-- WHAT YOU SHOULD DO --
Would you return, word for word, the lines of the data below from the line with "Q1, Q2, Q3: S8050; SOT-23_Handsoldering" through the line with "GPIO2: JP21.2, R9.2", and no others?

-- LISTED ENTRIES --
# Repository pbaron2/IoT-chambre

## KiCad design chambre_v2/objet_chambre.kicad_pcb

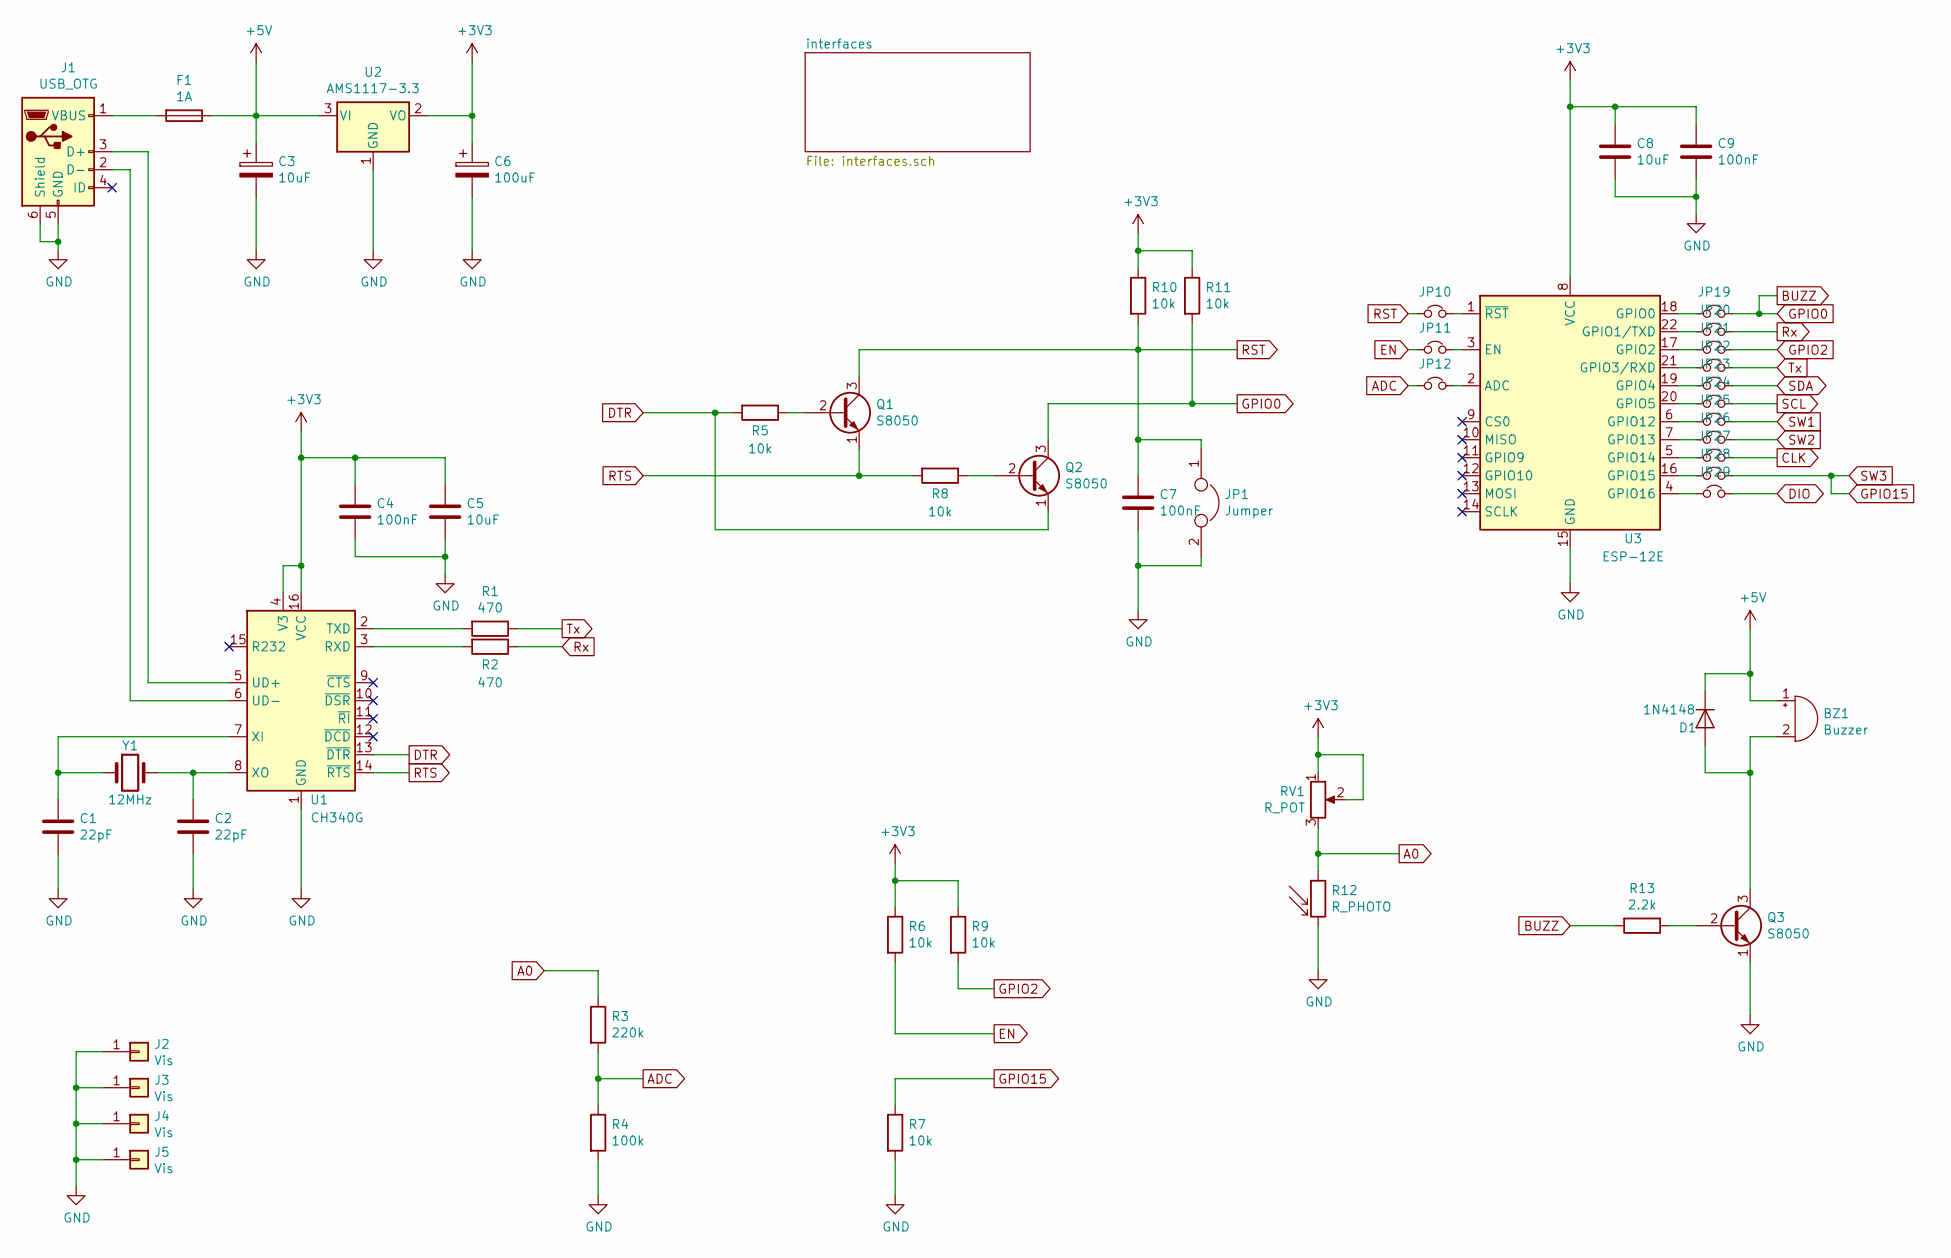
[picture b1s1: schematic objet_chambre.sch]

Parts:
BZ1: Buzzer; CP_Radial_D10.0mm_P5.00mm
C1, C2: 22pF; C_0603_HandSoldering
C3: 10uF; C_1206_HandSoldering
C4, C7, C9: 100nF; C_0603_HandSoldering
C5, C8: 10uF; C_0603_HandSoldering
C6: 100uF; CP_Radial_D6.3mm_P2.50mm
D1: 1N4148; D_DO-35_SOD27_P7.62mm_Horizontal
F1: 1A; Fuse_Littelfuse-LVR100
J1: USB_OTG; USB_Micro-B
J2, J3, J4, J5: Vis; MountingHole_3.2mm_M3_Pad
JP1: Jumper; Pin_Header_Straight_1x02_Pitch2.54mm
JP10, JP11, JP12, JP19, JP20, JP21, JP22, JP23, JP24, JP25, JP26, JP27, JP28, JP29: Jumper_NC; R_0603_HandSoldering
Q1, Q2, Q3: S8050; SOT-23_Handsoldering
R1, R2: 470; R_0805_HandSoldering
R3: 220k; R_0805_HandSoldering
R4: 100k; R_0805_HandSoldering
R5, R6, R7, R8, R9, R10, R11: 10k; R_0805_HandSoldering
R12: R_PHOTO; Resistor_LDR_5.1x4.3_RM3.4
R13: 2.2k; R_0805_HandSoldering
RV1: R_POT; Potentiometer_Trimmer_Bourns_3266Y
U1: CH340G; SOIC-16_3.9x9.9mm_Pitch1.27mm
U2: AMS1117-3.3; SOT-223-3_TabPin2
U3: ESP-12E
Y1: 12MHz; Crystal_HC49-U_Vertical

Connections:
+3V3: C4.1, C5.1, C6.1, C8.1, C9.1, R6.1, R9.1, R10.1, R11.1, RV1.1, RV1.2, U1.4 (V3), U1.16 (VCC), U2.2 (VO), U3.8 (VCC); also elsewhere on the board
+5V: BZ1.1 (-), C3.1, D1.1 (K), F1.1, U2.3 (VI); also elsewhere on the board
A0: R3.1, R12.1, RV1.3
ADC: JP12.1, R3.2, R4.1
BUZZ: JP19.2, Q2.3 (C), R11.2, R13.2
CLK: JP27.2; also elsewhere on the board
DIO: JP29.2; also elsewhere on the board
DTR: Q2.1 (E), R5.2, U1.13 (~DTR)
EN: JP11.1, R6.2
GND: C1.2, C2.2, C3.2, C4.2, C5.2, C6.2, C7.2, C8.2, C9.2, J1.5 (GND), J1.6 (Shield), J2.1, J3.1, J4.1, J5.1, JP1.2, Q3.1 (E), R4.2, R7.2, R12.2, U1.1 (GND), U2.1 (GND), U3.15 (GND); also elsewhere on the board
GPIO2: JP21.2, R9.2
GPIO15: JP28.2, R7.1; also elsewhere on the board
unnamed: BZ1.2 (+), D1.2 (A), Q3.3 (C)
unnamed: C1.1, U1.7 (XI), Y1.1
unnamed: C2.1, U1.8 (XO), Y1.2
unnamed: F1.2, J1.1 (VBUS)
unnamed: J1.2 (D-), U1.6 (UD-)
unnamed: J1.3 (D+), U1.5 (UD+)
unnamed: JP10.2, U3.1 (~RST)
unnamed: JP11.2, U3.3 (EN)
unnamed: JP12.2, U3.2 (ADC)
unnamed: JP19.1, U3.18 (GPIO0)
unnamed: JP20.1, U3.22 (GPIO1/TXD)
unnamed: JP21.1, U3.17 (GPIO2)
unnamed: JP22.1, U3.21 (GPIO3/RXD)
unnamed: JP23.1, U3.19 (GPIO4)
unnamed: JP24.1, U3.20 (GPIO5)
unnamed: JP25.1, U3.6 (GPIO12)
unnamed: JP26.1, U3.7 (GPIO13)
unnamed: JP27.1, U3.5 (GPIO14)
unnamed: JP28.1, U3.16 (GPIO15)
unnamed: JP29.1, U3.4 (GPIO16)
unnamed: Q1.2 (B), R5.1
unnamed: Q2.2 (B), R8.1
unnamed: Q3.2 (B), R13.1
unnamed: R1.2, U1.2 (TXD)
unnamed: R2.2, U1.3 (RXD)
RST: C7.1, JP1.1, JP10.1, Q1.3 (C), R10.2
RTS: Q1.1 (E), R8.2, U1.14 (~RTS)
Rx: JP20.2, R2.1
SCL: JP24.2; also elsewhere on the board
SDA: JP23.2; also elsewhere on the board
SW1: JP25.2; also elsewhere on the board
SW2: JP26.2; also elsewhere on the board
Tx: JP22.2, R1.1

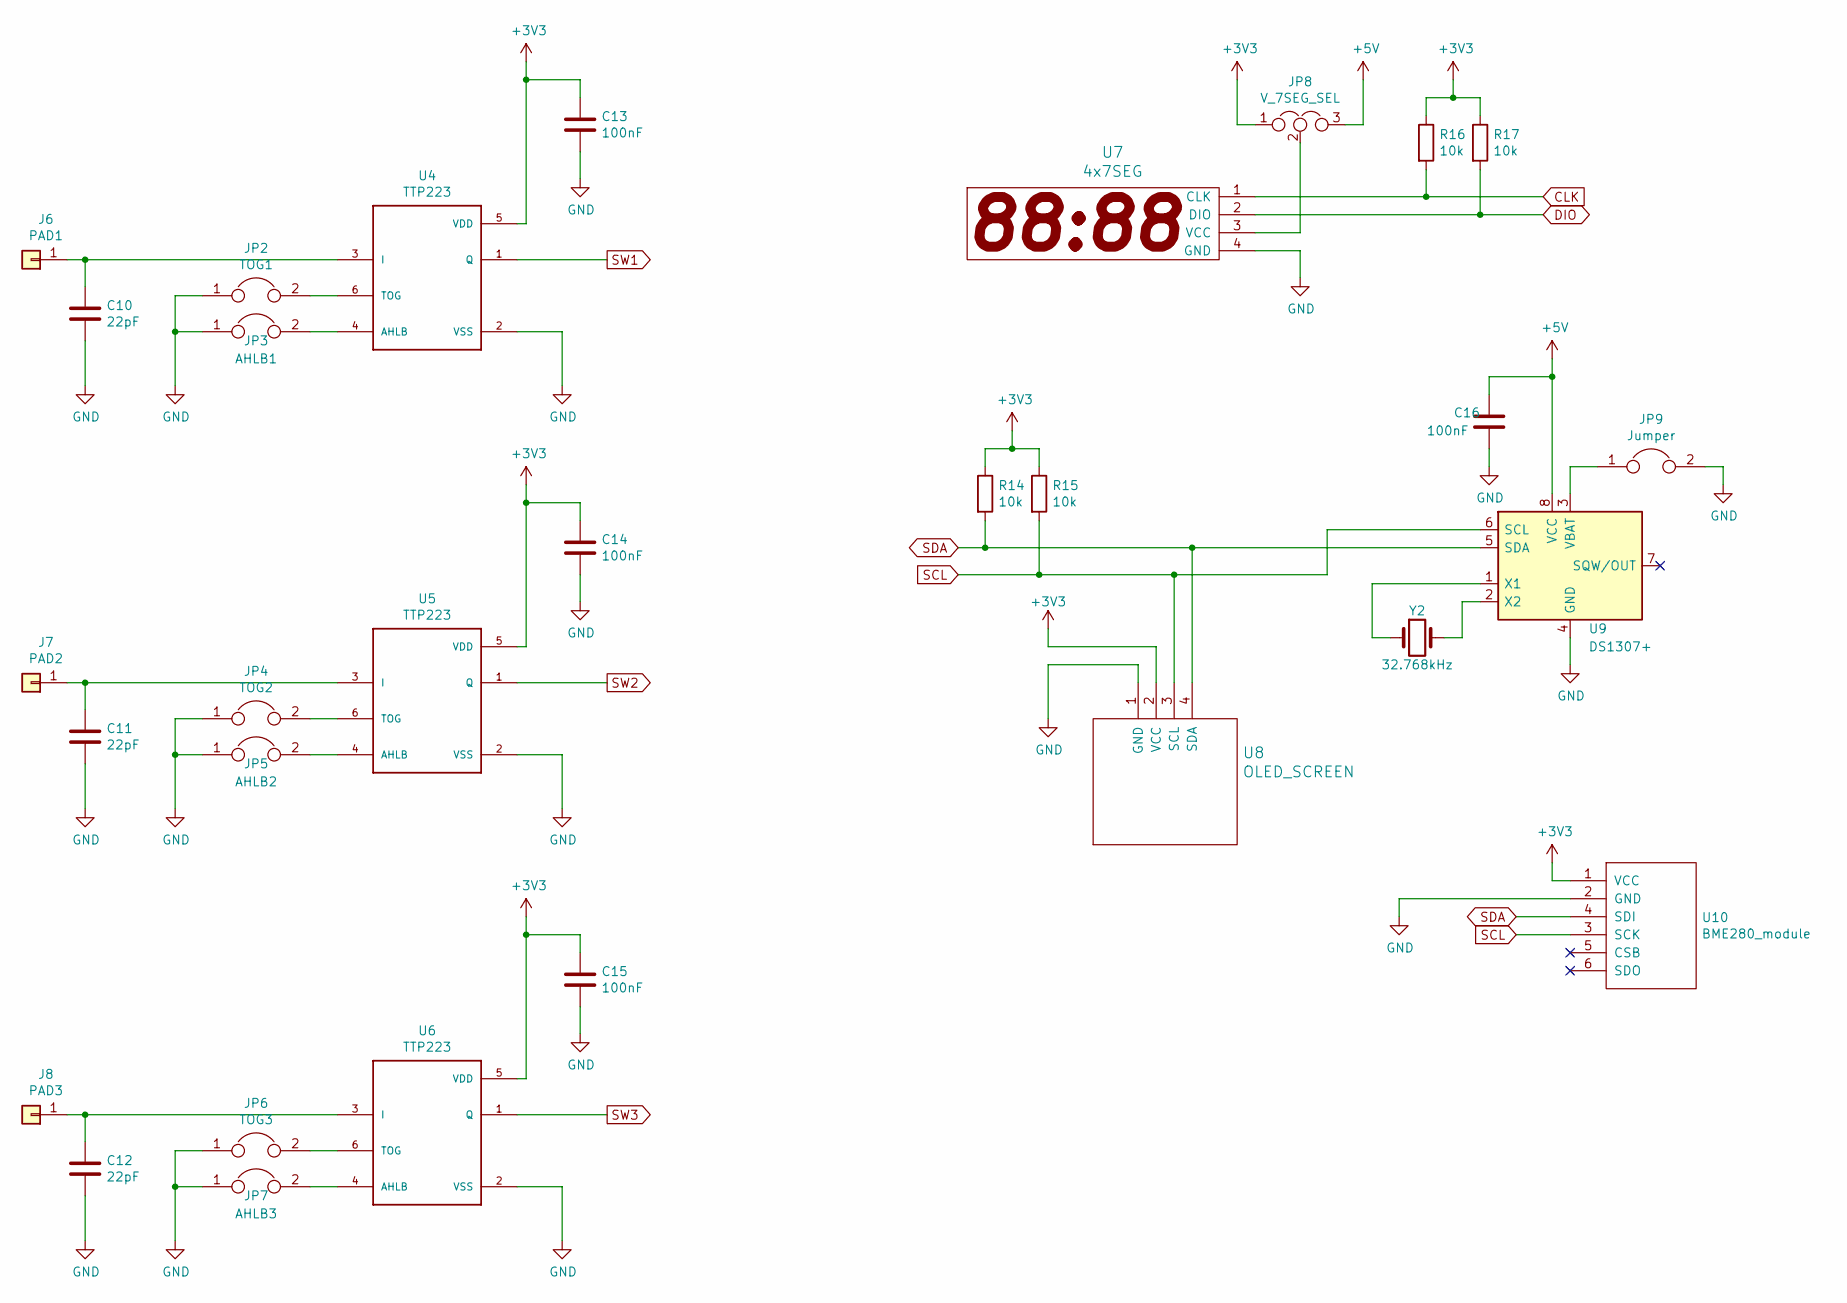
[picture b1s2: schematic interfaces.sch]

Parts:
C10, C11, C12: 22pF; C_0603_HandSoldering
C13, C14, C15, C16: 100nF; C_0603_HandSoldering
J6: PAD1; 1Pin
J7: PAD2; 1Pin
J8: PAD3; 1Pin
JP2: TOG1; R_0603_HandSoldering
JP3: AHLB1; R_0603_HandSoldering
JP4: TOG2; R_0603_HandSoldering
JP5: AHLB2; R_0603_HandSoldering
JP6: TOG3; R_0603_HandSoldering
JP7: AHLB3; R_0603_HandSoldering
JP8: V_7SEG_SEL; Pin_Header_Straight_1x03_Pitch2.54mm
JP9: Jumper; R_0603_HandSoldering
R14, R15, R16, R17: 10k; R_0805_HandSoldering
U4, U5, U6: TTP223; SOT-23-6_Handsoldering
U7: 4x7SEG; Pin_Header_Straight_1x04_Pitch2.54mm
U8: OLED_SCREEN; Pin_Header_Straight_1x04_Pitch2.54mm
U9: DS1307+; SO-8_5.3x6.2mm_Pitch1.27mm
U10: BME280_module; Pin_Header_Straight_1x06_Pitch2.54mm
Y2: 32.768kHz; Crystal_C26-LF_d2.1mm_l6.5mm_Vertical

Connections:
+3V3: C13.1, C14.1, C15.1, JP8.1, R14.1, R15.1, R16.1, R17.1, U4.5 (VDD), U5.5 (VDD), U6.5 (VDD), U8.2 (VCC), U10.1 (VCC); also elsewhere on the board
+5V: C16.1, JP8.3, U9.8 (VCC); also elsewhere on the board
CLK: R16.2, U7.1 (CLK); also elsewhere on the board
DIO: R17.2, U7.2 (DIO); also elsewhere on the board
GND: C10.2, C11.2, C12.2, C13.2, C14.2, C15.2, C16.2, JP2.1, JP3.1, JP4.1, JP5.1, JP6.1, JP7.1, JP9.2, U4.2 (VSS), U5.2 (VSS), U6.2 (VSS), U7.4 (GND), U8.1 (GND), U9.4 (GND), U10.2 (GND); also elsewhere on the board
GPIO15: U6.1 (Q); also elsewhere on the board
unnamed: C10.1, J6.1, U4.3 (I)
unnamed: C11.1, J7.1, U5.3 (I)
unnamed: C12.1, J8.1, U6.3 (I)
unnamed: JP2.2, U4.6 (TOG)
unnamed: JP3.2, U4.4 (AHLB)
unnamed: JP4.2, U5.6 (TOG)
unnamed: JP5.2, U5.4 (AHLB)
unnamed: JP6.2, U6.6 (TOG)
unnamed: JP7.2, U6.4 (AHLB)
unnamed: JP8.2, U7.3 (VCC)
unnamed: JP9.1, U9.3 (VBAT)
unnamed: U9.1 (X1), Y2.1
unnamed: U9.2 (X2), Y2.2
SCL: R15.2, U8.3 (SCL), U9.6 (SCL), U10.3 (SCK); also elsewhere on the board
SDA: R14.2, U8.4 (SDA), U9.5 (SDA), U10.4 (SDI); also elsewhere on the board
SW1: U4.1 (Q); also elsewhere on the board
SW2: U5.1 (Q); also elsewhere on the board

-- TASK RESPONSE --
Q1, Q2, Q3: S8050; SOT-23_Handsoldering
R1, R2: 470; R_0805_HandSoldering
R3: 220k; R_0805_HandSoldering
R4: 100k; R_0805_HandSoldering
R5, R6, R7, R8, R9, R10, R11: 10k; R_0805_HandSoldering
R12: R_PHOTO; Resistor_LDR_5.1x4.3_RM3.4
R13: 2.2k; R_0805_HandSoldering
RV1: R_POT; Potentiometer_Trimmer_Bourns_3266Y
U1: CH340G; SOIC-16_3.9x9.9mm_Pitch1.27mm
U2: AMS1117-3.3; SOT-223-3_TabPin2
U3: ESP-12E
Y1: 12MHz; Crystal_HC49-U_Vertical

Connections:
+3V3: C4.1, C5.1, C6.1, C8.1, C9.1, R6.1, R9.1, R10.1, R11.1, RV1.1, RV1.2, U1.4 (V3), U1.16 (VCC), U2.2 (VO), U3.8 (VCC); also elsewhere on the board
+5V: BZ1.1 (-), C3.1, D1.1 (K), F1.1, U2.3 (VI); also elsewhere on the board
A0: R3.1, R12.1, RV1.3
ADC: JP12.1, R3.2, R4.1
BUZZ: JP19.2, Q2.3 (C), R11.2, R13.2
CLK: JP27.2; also elsewhere on the board
DIO: JP29.2; also elsewhere on the board
DTR: Q2.1 (E), R5.2, U1.13 (~DTR)
EN: JP11.1, R6.2
GND: C1.2, C2.2, C3.2, C4.2, C5.2, C6.2, C7.2, C8.2, C9.2, J1.5 (GND), J1.6 (Shield), J2.1, J3.1, J4.1, J5.1, JP1.2, Q3.1 (E), R4.2, R7.2, R12.2, U1.1 (GND), U2.1 (GND), U3.15 (GND); also elsewhere on the board
GPIO2: JP21.2, R9.2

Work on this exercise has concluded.